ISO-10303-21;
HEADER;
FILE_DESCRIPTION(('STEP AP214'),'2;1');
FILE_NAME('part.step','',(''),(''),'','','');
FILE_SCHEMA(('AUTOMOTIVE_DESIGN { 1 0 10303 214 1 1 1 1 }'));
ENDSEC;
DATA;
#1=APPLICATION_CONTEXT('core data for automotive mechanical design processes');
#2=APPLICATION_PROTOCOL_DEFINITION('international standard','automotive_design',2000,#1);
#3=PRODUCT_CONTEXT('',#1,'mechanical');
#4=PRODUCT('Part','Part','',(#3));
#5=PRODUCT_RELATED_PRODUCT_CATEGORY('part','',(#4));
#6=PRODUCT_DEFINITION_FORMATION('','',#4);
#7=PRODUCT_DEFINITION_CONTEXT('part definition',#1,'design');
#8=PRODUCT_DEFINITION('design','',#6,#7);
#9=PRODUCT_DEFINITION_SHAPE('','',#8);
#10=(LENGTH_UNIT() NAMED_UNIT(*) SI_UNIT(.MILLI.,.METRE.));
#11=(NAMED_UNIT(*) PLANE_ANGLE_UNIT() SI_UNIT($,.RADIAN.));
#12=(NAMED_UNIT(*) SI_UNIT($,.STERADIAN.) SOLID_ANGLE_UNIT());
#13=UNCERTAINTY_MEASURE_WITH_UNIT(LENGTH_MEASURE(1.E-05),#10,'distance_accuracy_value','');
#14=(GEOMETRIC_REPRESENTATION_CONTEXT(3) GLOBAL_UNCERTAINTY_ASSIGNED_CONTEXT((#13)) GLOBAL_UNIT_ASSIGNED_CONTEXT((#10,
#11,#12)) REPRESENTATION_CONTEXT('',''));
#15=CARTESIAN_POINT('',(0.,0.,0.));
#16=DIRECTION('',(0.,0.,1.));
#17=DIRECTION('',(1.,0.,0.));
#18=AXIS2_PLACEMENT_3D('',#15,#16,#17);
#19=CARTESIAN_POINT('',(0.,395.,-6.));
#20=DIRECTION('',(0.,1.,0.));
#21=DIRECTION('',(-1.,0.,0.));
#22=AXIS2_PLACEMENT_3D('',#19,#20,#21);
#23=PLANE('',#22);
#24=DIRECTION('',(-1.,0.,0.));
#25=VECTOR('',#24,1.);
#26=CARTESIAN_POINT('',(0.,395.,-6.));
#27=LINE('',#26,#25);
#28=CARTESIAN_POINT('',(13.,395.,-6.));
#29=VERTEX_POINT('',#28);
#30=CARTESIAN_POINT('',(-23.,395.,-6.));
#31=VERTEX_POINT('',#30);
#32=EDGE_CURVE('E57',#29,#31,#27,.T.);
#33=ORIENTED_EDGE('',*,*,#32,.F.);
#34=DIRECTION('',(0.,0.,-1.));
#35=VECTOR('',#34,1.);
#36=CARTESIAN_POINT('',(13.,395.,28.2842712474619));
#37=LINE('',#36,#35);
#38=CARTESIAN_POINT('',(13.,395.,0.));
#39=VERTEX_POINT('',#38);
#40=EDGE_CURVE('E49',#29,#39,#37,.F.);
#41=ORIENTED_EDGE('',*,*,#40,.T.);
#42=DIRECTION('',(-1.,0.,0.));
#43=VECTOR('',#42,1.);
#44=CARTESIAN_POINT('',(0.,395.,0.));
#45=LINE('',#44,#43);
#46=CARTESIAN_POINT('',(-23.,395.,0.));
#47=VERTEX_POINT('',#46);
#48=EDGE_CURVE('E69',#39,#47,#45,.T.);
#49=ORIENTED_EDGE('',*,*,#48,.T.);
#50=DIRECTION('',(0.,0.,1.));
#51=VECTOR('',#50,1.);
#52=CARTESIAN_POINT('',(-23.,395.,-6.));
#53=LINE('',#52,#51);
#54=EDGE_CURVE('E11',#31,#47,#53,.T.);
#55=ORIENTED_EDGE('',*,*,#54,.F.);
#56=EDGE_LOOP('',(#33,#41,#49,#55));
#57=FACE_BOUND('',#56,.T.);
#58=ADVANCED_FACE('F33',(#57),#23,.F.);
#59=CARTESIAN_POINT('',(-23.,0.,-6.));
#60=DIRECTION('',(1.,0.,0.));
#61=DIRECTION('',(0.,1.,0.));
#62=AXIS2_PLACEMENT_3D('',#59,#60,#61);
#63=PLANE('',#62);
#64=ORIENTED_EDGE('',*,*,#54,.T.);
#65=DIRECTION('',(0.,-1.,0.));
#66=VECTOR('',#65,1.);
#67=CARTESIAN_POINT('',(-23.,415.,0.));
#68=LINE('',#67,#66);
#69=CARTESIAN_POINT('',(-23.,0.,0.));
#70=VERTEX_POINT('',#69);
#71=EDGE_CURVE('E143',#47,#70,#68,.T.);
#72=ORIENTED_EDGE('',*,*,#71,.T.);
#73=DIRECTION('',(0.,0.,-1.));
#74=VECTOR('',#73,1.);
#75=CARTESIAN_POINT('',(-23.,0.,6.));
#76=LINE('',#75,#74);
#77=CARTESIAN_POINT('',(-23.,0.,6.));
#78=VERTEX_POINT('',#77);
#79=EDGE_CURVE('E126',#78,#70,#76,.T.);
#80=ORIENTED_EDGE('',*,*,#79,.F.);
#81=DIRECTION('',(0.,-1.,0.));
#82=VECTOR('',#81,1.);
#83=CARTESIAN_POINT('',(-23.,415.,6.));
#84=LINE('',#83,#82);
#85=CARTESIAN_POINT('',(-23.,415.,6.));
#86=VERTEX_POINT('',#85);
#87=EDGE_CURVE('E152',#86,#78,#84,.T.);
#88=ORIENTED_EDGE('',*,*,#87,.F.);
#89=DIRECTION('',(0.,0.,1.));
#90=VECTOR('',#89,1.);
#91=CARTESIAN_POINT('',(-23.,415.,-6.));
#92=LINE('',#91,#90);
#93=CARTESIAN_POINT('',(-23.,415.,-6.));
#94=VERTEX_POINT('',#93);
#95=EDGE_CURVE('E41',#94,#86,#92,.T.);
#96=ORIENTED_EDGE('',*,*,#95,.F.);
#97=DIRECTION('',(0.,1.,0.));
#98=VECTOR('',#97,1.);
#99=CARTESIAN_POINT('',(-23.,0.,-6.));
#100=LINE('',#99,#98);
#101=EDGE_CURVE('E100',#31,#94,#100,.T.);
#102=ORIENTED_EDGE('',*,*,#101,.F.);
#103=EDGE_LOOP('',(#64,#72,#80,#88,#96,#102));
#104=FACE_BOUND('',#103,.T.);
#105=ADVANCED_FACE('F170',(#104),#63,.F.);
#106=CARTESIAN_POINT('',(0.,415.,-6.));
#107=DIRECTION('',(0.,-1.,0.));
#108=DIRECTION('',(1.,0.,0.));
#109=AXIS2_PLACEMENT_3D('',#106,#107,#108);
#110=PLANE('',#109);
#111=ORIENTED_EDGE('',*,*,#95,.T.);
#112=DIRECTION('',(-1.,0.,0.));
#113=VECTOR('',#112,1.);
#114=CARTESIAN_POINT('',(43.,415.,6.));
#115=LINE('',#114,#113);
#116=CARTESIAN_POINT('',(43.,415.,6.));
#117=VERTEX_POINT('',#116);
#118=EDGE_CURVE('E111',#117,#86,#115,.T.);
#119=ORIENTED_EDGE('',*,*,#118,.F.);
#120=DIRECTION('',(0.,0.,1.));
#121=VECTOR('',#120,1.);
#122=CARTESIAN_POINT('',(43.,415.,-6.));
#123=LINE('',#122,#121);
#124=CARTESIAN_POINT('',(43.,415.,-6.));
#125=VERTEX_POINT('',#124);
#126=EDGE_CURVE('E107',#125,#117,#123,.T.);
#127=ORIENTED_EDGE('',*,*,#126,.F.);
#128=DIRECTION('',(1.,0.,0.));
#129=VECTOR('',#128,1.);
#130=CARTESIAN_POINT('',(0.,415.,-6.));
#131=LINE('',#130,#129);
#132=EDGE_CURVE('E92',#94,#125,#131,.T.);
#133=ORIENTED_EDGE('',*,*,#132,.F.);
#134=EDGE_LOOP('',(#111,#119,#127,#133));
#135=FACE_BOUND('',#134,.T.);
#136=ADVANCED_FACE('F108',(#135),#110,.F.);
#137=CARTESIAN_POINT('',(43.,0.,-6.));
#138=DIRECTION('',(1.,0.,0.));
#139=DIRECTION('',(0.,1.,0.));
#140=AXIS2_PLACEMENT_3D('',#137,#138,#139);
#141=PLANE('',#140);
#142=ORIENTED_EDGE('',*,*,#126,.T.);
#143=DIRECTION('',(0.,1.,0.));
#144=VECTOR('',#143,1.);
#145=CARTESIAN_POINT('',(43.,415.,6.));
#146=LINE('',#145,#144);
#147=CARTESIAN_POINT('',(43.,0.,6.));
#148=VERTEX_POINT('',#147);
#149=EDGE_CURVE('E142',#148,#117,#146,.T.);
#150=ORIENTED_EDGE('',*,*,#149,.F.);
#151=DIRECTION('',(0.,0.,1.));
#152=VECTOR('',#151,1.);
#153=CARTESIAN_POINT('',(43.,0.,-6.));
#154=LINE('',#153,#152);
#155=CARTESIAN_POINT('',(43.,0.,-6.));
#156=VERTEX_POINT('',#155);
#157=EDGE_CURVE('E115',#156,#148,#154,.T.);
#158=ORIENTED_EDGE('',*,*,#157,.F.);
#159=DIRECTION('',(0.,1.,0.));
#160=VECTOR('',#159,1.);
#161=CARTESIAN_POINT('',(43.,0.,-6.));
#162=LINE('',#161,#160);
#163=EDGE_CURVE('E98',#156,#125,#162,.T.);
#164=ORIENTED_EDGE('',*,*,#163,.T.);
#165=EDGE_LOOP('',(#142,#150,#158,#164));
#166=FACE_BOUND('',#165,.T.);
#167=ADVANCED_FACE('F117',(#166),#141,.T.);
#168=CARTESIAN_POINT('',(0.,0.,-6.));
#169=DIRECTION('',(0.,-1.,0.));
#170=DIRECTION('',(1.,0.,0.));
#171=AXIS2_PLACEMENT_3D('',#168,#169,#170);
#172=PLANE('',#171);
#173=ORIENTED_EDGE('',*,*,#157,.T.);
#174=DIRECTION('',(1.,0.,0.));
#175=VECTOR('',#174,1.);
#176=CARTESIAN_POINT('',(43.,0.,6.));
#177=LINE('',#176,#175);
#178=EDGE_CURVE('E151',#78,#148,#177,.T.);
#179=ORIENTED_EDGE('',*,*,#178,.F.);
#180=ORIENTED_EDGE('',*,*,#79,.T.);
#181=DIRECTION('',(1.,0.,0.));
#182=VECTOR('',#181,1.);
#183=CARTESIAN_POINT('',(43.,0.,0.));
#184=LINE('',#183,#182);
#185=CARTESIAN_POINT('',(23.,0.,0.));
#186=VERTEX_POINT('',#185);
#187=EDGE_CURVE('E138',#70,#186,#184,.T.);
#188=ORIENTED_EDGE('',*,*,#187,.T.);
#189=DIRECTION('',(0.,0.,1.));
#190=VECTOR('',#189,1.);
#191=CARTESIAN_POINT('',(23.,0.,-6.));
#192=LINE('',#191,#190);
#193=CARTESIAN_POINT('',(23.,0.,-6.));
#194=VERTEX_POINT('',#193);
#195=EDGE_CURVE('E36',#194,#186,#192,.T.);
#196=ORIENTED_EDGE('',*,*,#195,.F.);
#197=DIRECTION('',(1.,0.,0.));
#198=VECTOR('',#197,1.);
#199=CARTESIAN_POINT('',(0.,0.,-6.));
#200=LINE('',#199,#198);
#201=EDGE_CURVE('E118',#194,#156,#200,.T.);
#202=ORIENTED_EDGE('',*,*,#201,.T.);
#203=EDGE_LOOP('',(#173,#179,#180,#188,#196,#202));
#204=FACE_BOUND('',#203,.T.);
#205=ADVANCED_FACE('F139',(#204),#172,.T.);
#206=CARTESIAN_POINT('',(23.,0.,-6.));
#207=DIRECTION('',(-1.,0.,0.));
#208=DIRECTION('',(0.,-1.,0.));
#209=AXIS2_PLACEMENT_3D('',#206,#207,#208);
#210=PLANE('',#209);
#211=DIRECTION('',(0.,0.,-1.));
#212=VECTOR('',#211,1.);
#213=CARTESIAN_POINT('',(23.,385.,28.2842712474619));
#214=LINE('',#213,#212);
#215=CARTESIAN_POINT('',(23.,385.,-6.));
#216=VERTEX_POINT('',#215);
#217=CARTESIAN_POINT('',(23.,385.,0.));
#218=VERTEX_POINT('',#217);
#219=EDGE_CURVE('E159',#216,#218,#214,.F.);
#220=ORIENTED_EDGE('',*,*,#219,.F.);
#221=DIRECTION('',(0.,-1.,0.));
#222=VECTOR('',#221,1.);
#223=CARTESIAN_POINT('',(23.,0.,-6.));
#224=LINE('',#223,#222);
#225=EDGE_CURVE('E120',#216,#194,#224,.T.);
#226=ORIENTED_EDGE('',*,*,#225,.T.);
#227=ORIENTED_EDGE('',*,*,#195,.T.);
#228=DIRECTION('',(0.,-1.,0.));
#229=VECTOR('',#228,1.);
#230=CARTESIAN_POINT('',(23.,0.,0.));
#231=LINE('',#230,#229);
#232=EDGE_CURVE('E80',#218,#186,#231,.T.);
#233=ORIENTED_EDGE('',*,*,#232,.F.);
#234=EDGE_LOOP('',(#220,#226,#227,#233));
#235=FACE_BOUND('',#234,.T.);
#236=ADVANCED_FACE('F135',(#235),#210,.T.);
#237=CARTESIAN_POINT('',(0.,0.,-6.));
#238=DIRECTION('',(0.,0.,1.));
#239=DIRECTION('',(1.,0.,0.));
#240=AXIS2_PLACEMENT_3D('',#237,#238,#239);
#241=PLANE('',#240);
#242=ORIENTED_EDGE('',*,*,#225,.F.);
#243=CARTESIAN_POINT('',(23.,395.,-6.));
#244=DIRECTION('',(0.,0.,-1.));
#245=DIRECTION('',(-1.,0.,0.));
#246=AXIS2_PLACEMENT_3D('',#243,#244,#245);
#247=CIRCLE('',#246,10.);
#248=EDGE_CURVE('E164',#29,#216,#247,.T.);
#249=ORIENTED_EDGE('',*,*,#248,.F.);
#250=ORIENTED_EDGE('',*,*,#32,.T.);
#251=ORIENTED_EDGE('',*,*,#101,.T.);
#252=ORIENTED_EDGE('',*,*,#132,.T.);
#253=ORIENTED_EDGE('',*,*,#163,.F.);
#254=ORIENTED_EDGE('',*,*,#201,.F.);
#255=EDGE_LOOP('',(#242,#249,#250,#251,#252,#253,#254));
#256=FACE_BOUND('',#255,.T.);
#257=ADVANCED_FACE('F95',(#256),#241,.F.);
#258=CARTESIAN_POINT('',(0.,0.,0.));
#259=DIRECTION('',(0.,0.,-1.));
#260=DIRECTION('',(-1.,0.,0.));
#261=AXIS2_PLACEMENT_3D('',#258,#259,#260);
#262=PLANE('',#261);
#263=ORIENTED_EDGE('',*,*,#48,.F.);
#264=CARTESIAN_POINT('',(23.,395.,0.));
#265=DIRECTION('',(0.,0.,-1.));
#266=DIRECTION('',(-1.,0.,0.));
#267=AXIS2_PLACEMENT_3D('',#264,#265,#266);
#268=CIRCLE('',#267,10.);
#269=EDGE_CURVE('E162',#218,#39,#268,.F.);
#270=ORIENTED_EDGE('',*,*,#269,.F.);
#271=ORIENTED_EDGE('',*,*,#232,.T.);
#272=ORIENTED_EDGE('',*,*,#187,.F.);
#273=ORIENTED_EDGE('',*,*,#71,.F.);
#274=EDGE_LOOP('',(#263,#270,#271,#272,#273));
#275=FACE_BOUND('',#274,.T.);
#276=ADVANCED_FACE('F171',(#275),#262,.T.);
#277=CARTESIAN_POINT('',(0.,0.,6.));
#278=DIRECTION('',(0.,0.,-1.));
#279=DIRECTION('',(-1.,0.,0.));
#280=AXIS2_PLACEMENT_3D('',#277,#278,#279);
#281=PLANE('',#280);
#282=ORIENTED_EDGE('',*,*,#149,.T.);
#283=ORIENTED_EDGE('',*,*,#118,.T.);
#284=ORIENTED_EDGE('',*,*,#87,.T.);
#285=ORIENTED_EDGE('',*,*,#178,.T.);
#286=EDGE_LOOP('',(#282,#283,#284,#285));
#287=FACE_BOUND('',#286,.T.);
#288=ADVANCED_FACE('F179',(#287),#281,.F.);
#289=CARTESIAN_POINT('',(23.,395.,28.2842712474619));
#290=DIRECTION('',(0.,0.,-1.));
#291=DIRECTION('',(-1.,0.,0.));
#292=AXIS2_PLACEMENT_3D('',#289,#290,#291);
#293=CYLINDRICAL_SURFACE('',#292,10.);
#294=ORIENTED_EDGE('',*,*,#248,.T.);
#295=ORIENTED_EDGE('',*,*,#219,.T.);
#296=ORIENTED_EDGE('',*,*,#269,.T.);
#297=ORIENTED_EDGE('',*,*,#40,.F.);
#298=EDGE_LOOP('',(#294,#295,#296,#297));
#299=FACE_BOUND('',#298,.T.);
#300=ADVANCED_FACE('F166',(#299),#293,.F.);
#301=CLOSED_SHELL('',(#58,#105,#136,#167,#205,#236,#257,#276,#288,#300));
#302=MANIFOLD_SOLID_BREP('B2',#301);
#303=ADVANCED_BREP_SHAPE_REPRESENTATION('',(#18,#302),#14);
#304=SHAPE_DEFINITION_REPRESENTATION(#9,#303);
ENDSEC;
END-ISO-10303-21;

---------------

◆ **Activity**
The expected output is exactly the lines of the listing above between the line holding "#248=EDGE_CURVE('E164',#29,#216,#247,.T.);" and the line holding "#265=DIRECTION('',(0.,0.,-1.));", inclusive.

◆ **Solution to this task**
#248=EDGE_CURVE('E164',#29,#216,#247,.T.);
#249=ORIENTED_EDGE('',*,*,#248,.F.);
#250=ORIENTED_EDGE('',*,*,#32,.T.);
#251=ORIENTED_EDGE('',*,*,#101,.T.);
#252=ORIENTED_EDGE('',*,*,#132,.T.);
#253=ORIENTED_EDGE('',*,*,#163,.F.);
#254=ORIENTED_EDGE('',*,*,#201,.F.);
#255=EDGE_LOOP('',(#242,#249,#250,#251,#252,#253,#254));
#256=FACE_BOUND('',#255,.T.);
#257=ADVANCED_FACE('F95',(#256),#241,.F.);
#258=CARTESIAN_POINT('',(0.,0.,0.));
#259=DIRECTION('',(0.,0.,-1.));
#260=DIRECTION('',(-1.,0.,0.));
#261=AXIS2_PLACEMENT_3D('',#258,#259,#260);
#262=PLANE('',#261);
#263=ORIENTED_EDGE('',*,*,#48,.F.);
#264=CARTESIAN_POINT('',(23.,395.,0.));
#265=DIRECTION('',(0.,0.,-1.));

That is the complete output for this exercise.